_Exercise objective_
Go through the records below from the first line and print each one exactly, stopping after the line that contains "[diagram v6b: part of the schematic, after]". Do not print pictures or anything past that line.

_Given entries_
++++++++
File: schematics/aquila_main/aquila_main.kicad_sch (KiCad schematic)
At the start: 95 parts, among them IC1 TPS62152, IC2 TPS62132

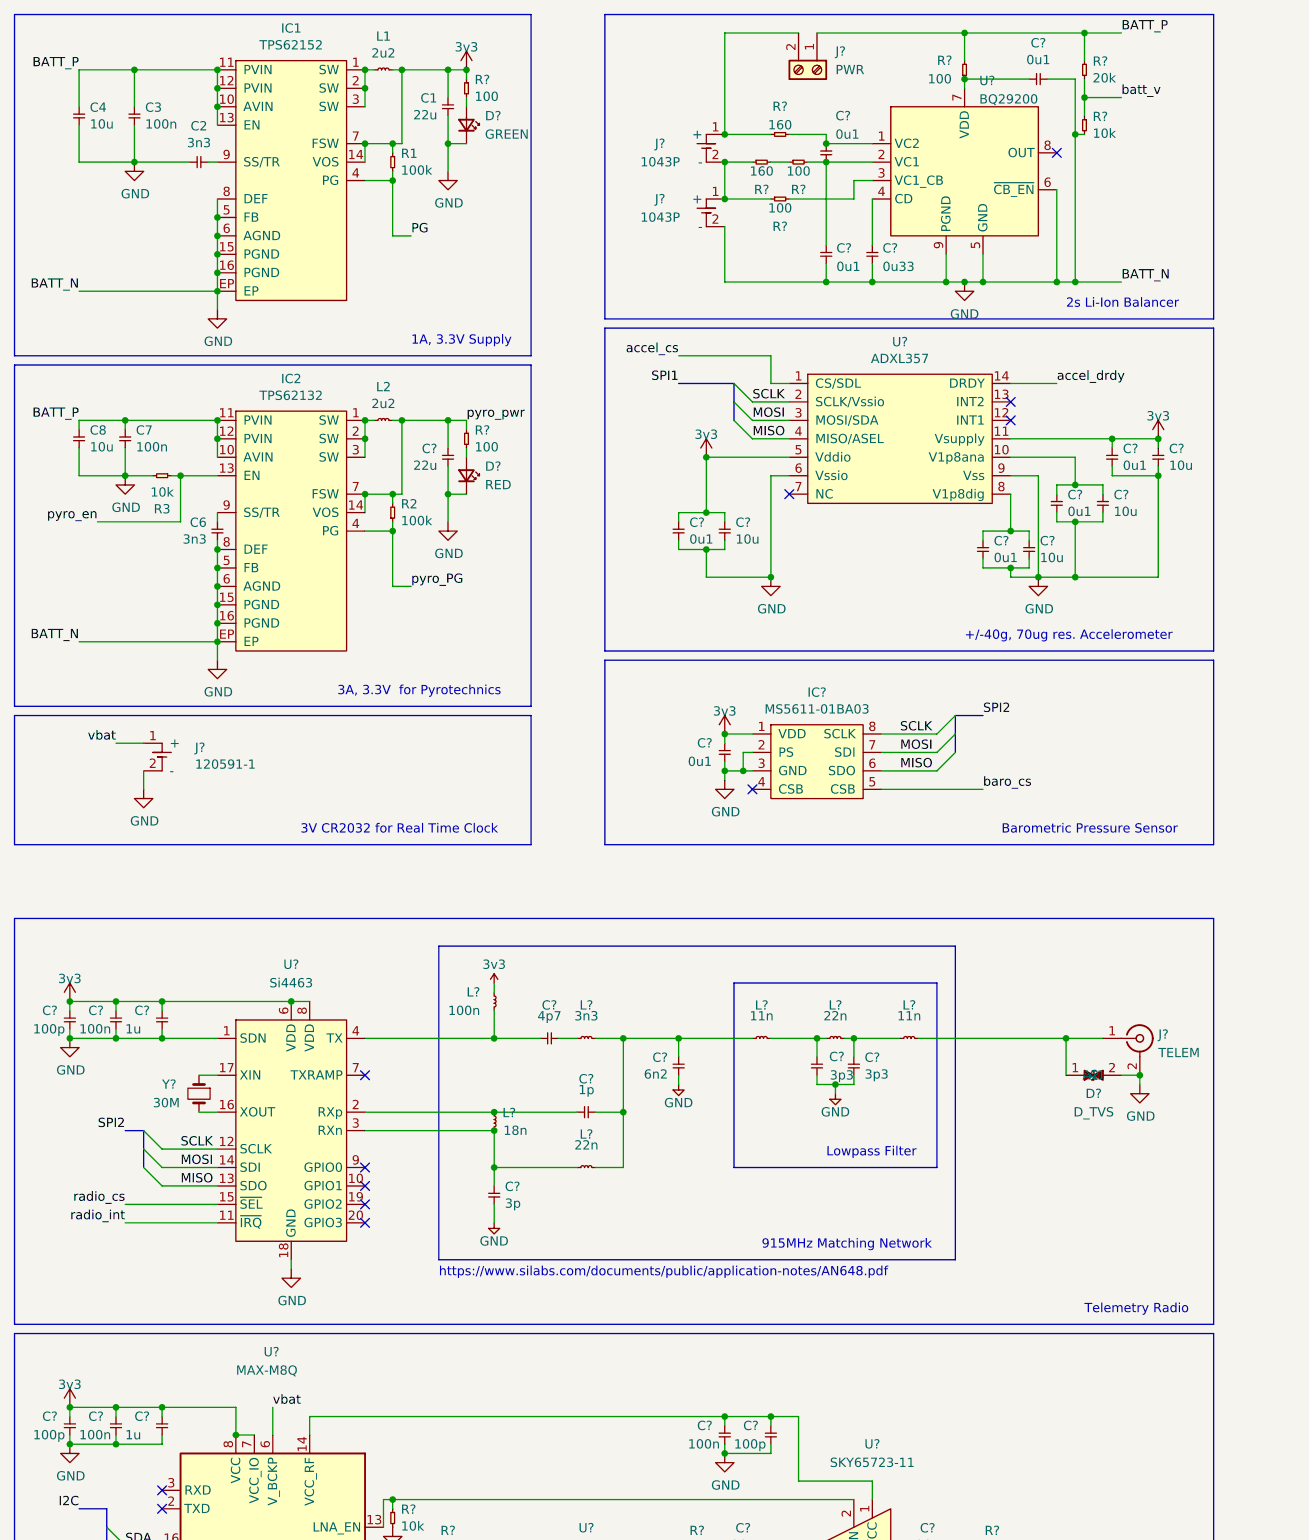
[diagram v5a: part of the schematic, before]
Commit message: fixed net label formatting
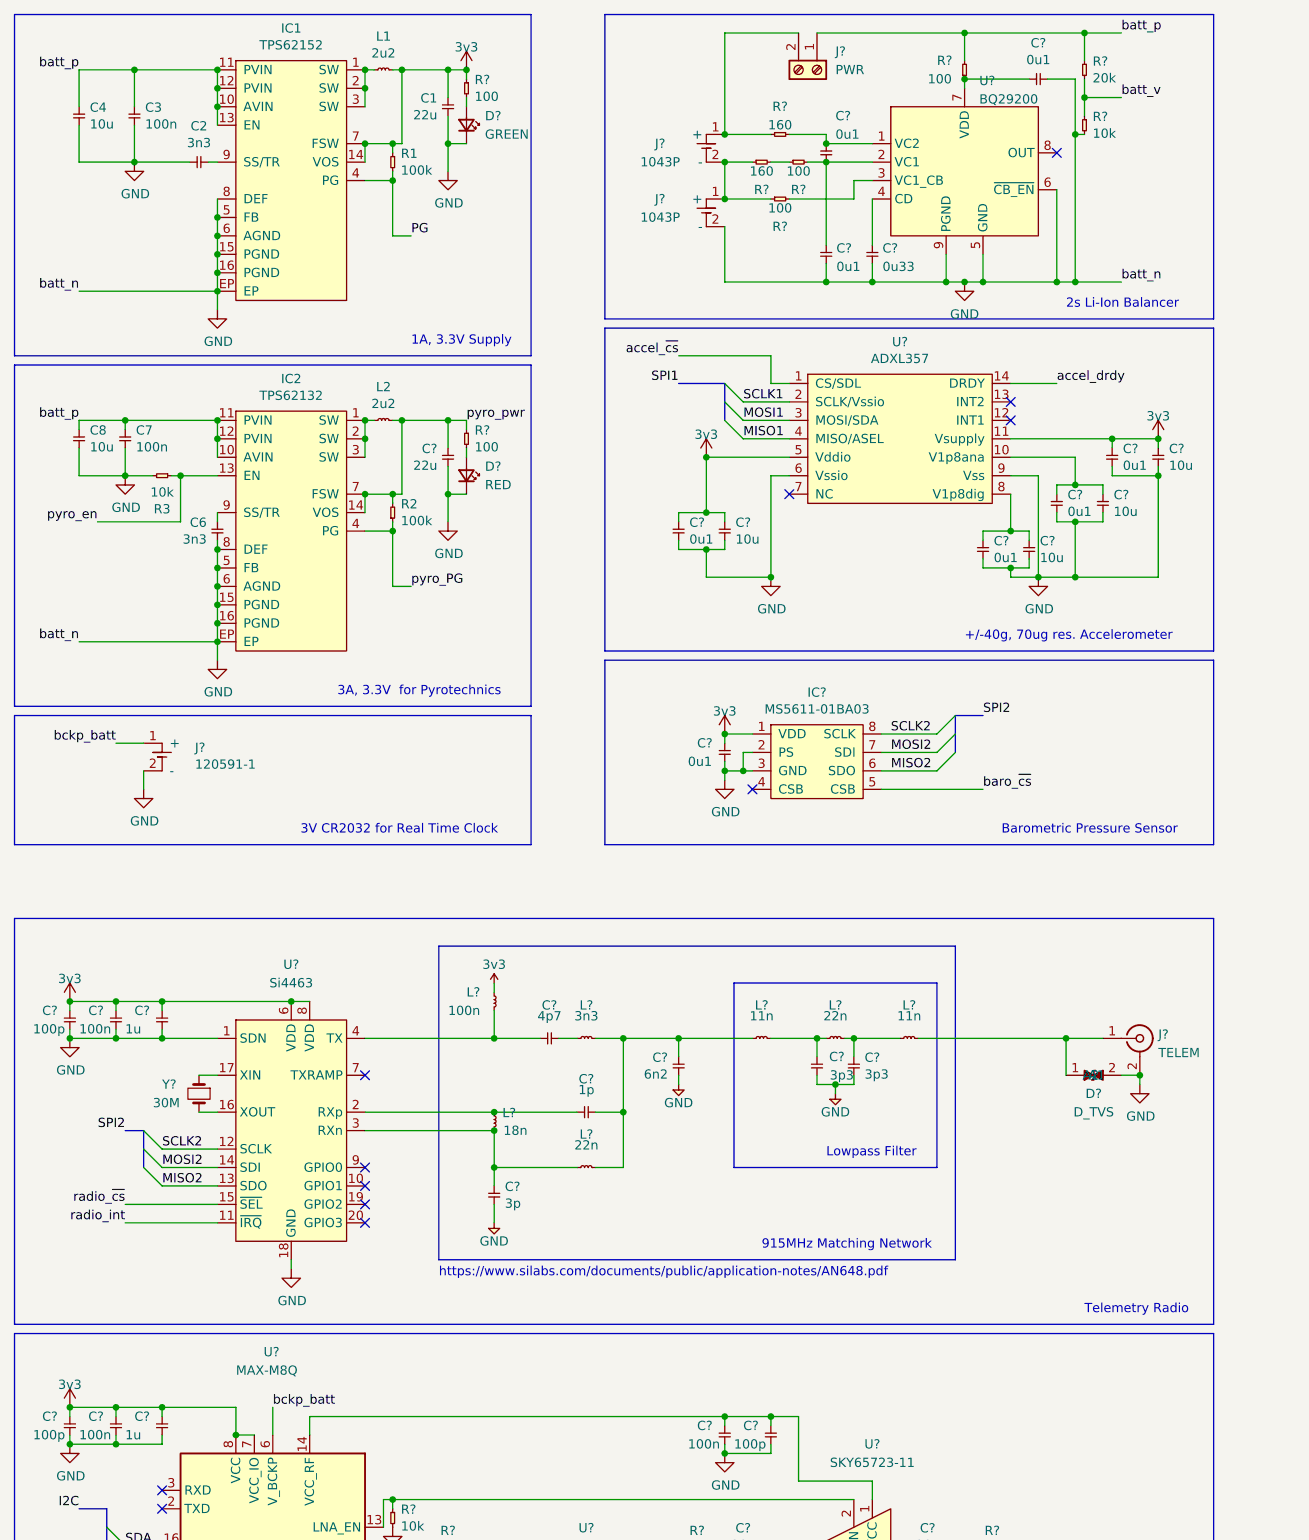
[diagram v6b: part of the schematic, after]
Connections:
- net BATT_P renamed batt_p
- net MISO renamed MISO2
- net MISO2: no longer U?.4 (MISO/ASEL)
- net MOSI renamed MOSI2
- net MOSI2: no longer U?.3 (MOSI/SDA)
- net SCLK renamed SCLK2
- net SCLK2: no longer U?.2 (SCLK/Vssio)
- net accel_cs renamed accel_~{cs}
- net baro_cs renamed baro_~{cs}
- net radio_cs renamed radio_~{cs}
- net vbat renamed bckp_batt
- new net MISO1: U?.4 (MISO/ASEL)
- new net MOSI1: U?.3 (MOSI/SDA)
- new net SCLK1: U?.2 (SCLK/Vssio)
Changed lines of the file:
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@@
     (stroke (width 0) (type default) (color 0 0 0 0))
   )
-  (bus_entry (at 124.46 76.2) (size 2.54 2.54)
-    (stroke (width 0) (type default) (color 0 0 0 0))
-  )
-  (bus_entry (at 124.46 71.12) (size 2.54 2.54)
+  (bus_entry (at 123.19 76.2) (size 2.54 2.54)
+    (stroke (width 0) (type default) (color 0 0 0 0))
+  )
+  (bus_entry (at 123.19 71.12) (size 2.54 2.54)
     (stroke (width 0) (type default) (color 0 0 0 0))
   )
@@
     (stroke (width 0) (type default) (color 0 0 0 0))
   )
-  (bus_entry (at 124.46 73.66) (size 2.54 2.54)
+  (bus_entry (at 123.19 73.66) (size 2.54 2.54)
     (stroke (width 0) (type default) (color 0 0 0 0))
   )
@@
     (stroke (width 0) (type default) (color 0 0 0 0))
   )
-  (bus (pts (xy 124.46 71.12) (xy 124.46 73.66))
+  (bus (pts (xy 123.19 71.12) (xy 123.19 73.66))
     (stroke (width 0) (type default) (color 0 0 0 0))
   )
@@
     (stroke (width 0) (type default) (color 0 0 0 0))
   )
-  (wire (pts (xy 132.08 76.2) (xy 127 76.2))
+  (wire (pts (xy 132.08 76.2) (xy 125.73 76.2))
     (stroke (width 0) (type default) (color 0 0 0 0))
   )
@@
     (stroke (width 0) (type default) (color 0 0 0 0))
   )
-  (wire (pts (xy 132.08 73.66) (xy 127 73.66))
+  (wire (pts (xy 132.08 73.66) (xy 125.73 73.66))
     (stroke (width 0) (type default) (color 0 0 0 0))
   )
@@
     (stroke (width 0) (type default) (color 0 0 0 0))
   )
-  (bus (pts (xy 124.46 71.12) (xy 116.84 71.12))
+  (bus (pts (xy 123.19 71.12) (xy 116.84 71.12))
     (stroke (width 0) (type default) (color 0 0 0 0))
   )
@@
     (stroke (width 0) (type default) (color 0 0 0 0))
   )
-  (bus (pts (xy 124.46 73.66) (xy 124.46 76.2))
+  (bus (pts (xy 123.19 73.66) (xy 123.19 76.2))
     (stroke (width 0) (type default) (color 0 0 0 0))
   )
@@
     (stroke (width 0) (type default) (color 0 0 0 0))
   )
-  (wire (pts (xy 127 78.74) (xy 132.08 78.74))
+  (wire (pts (xy 125.73 78.74) (xy 132.08 78.74))
     (stroke (width 0) (type default) (color 0 0 0 0))
   )
@@
     (effects (font (size 1.27 1.27)) (justify left bottom))
   )
-  (label "MOSI" (at 48.26 179.07 0)
-    (effects (font (size 1.27 1.27)) (justify left bottom))
-  )
-  (label "BATT_P" (at 34.29 27.94 180)
+  (label "MOSI2" (at 45.72 179.07 0)
+    (effects (font (size 1.27 1.27)) (justify left bottom))
+  )
+  (label "batt_p" (at 34.29 27.94 180)
     (effects (font (size 1.27 1.27)) (justify right bottom))
   )
@@
     (effects (font (size 1.27 1.27)) (justify left bottom))
   )
-  (label "BATT_P" (at 177.8 22.86 0)
-    (effects (font (size 1.27 1.27)) (justify left bottom))
-  )
-  (label "vbat" (at 60.96 212.09 0)
+  (label "batt_p" (at 177.8 22.86 0)
+    (effects (font (size 1.27 1.27)) (justify left bottom))
+  )
+  (label "bckp_batt" (at 60.96 212.09 0)
     (effects (font (size 1.27 1.27)) (justify left bottom))
   )
@@
     (effects (font (size 1.27 1.27)) (justify right bottom))
   )
-  (label "MOSI" (at 147.32 121.92 0)
-    (effects (font (size 1.27 1.27)) (justify left bottom))
-  )
-  (label "SCLK" (at 127 73.66 0)
+  (label "MOSI2" (at 146.05 121.92 0)
+    (effects (font (size 1.27 1.27)) (justify left bottom))
+  )
+  (label "SCLK1" (at 125.73 73.66 0)
     (effects (font (size 1.27 1.27)) (justify left bottom))
   )
@@
     (effects (font (size 1.27 1.27)) (justify left bottom))
   )
-  (label "accel_cs" (at 116.84 67.31 180)
+  (label "accel_~{cs}" (at 116.84 67.31 180)
     (effects (font (size 1.27 1.27)) (justify right bottom))
   )
@@
     (effects (font (size 1.27 1.27)) (justify right bottom))
   )
-  (label "MISO" (at 147.32 124.46 0)
+  (label "MISO2" (at 146.05 124.46 0)
     (effects (font (size 1.27 1.27)) (justify left bottom))
   )
@@
     (effects (font (size 1.27 1.27)) (justify left bottom))
   )
-  (label "SCLK" (at 48.26 176.53 0)
+  (label "SCLK2" (at 45.72 176.53 0)
     (effects (font (size 1.27 1.27)) (justify left bottom))
   )
@@
     (effects (font (size 1.27 1.27)) (justify right bottom))
   )
-  (label "radio_cs" (at 40.64 184.15 180)
+  (label "radio_~{cs}" (at 40.64 184.15 180)
     (effects (font (size 1.27 1.27)) (justify right bottom))
   )
-  (label "BATT_N" (at 34.29 58.42 180)
+  (label "batt_n" (at 34.29 58.42 180)
     (effects (font (size 1.27 1.27)) (justify right bottom))
   )
@@
     (effects (font (size 1.27 1.27)) (justify right bottom))
   )
-  (label "BATT_P" (at 34.29 76.2 180)
+  (label "batt_p" (at 34.29 76.2 180)
     (effects (font (size 1.27 1.27)) (justify right bottom))
   )
@@
     (effects (font (size 1.27 1.27)) (justify right bottom))
   )
-  (label "baro_cs" (at 158.75 127 0)
-    (effects (font (size 1.27 1.27)) (justify left bottom))
-  )
-  (label "BATT_N" (at 177.8 57.15 0)
+  (label "baro_~{cs}" (at 158.75 127 0)
+    (effects (font (size 1.27 1.27)) (justify left bottom))
+  )
+  (label "batt_n" (at 177.8 57.15 0)
     (effects (font (size 1.27 1.27)) (justify left bottom))
   )
@@
     (effects (font (size 1.27 1.27)) (justify right bottom))
   )
-  (label "vbat" (at 39.37 120.65 180)
+  (label "bckp_batt" (at 39.37 120.65 180)
     (effects (font (size 1.27 1.27)) (justify right bottom))
   )
-  (label "MOSI" (at 127 76.2 0)
-    (effects (font (size 1.27 1.27)) (justify left bottom))
-  )
-  (label "MISO" (at 48.26 181.61 0)
+  (label "MOSI1" (at 125.73 76.2 0)
+    (effects (font (size 1.27 1.27)) (justify left bottom))
+  )
+  (label "MISO2" (at 45.72 181.61 0)
     (effects (font (size 1.27 1.27)) (justify left bottom))
   )
@@
     (effects (font (size 1.27 1.27)) (justify right bottom))
   )
-  (label "MISO" (at 127 78.74 0)
-    (effects (font (size 1.27 1.27)) (justify left bottom))
-  )
-  (label "BATT_N" (at 34.29 106.68 180)
+  (label "MISO1" (at 125.73 78.74 0)
+    (effects (font (size 1.27 1.27)) (justify left bottom))
+  )
+  (label "batt_n" (at 34.29 106.68 180)
     (effects (font (size 1.27 1.27)) (justify right bottom))
   )
@@
     (effects (font (size 1.27 1.27)) (justify left bottom))
   )
-  (label "SCLK" (at 147.32 119.38 0)
-    (effects (font (size 1.27 1.27)) (justify left bottom))
-  )
+  (label "SCLK2" (at 146.05 119.38 0)
+    (effects (font (size 1.27 1.27)) (justify left bottom))
+  )
++++++++
_Solution_
File: schematics/aquila_main/aquila_main.kicad_sch (KiCad schematic)
At the start: 95 parts, among them IC1 TPS62152, IC2 TPS62132

[diagram v5a: part of the schematic, before]
Commit message: fixed net label formatting
[diagram v6b: part of the schematic, after]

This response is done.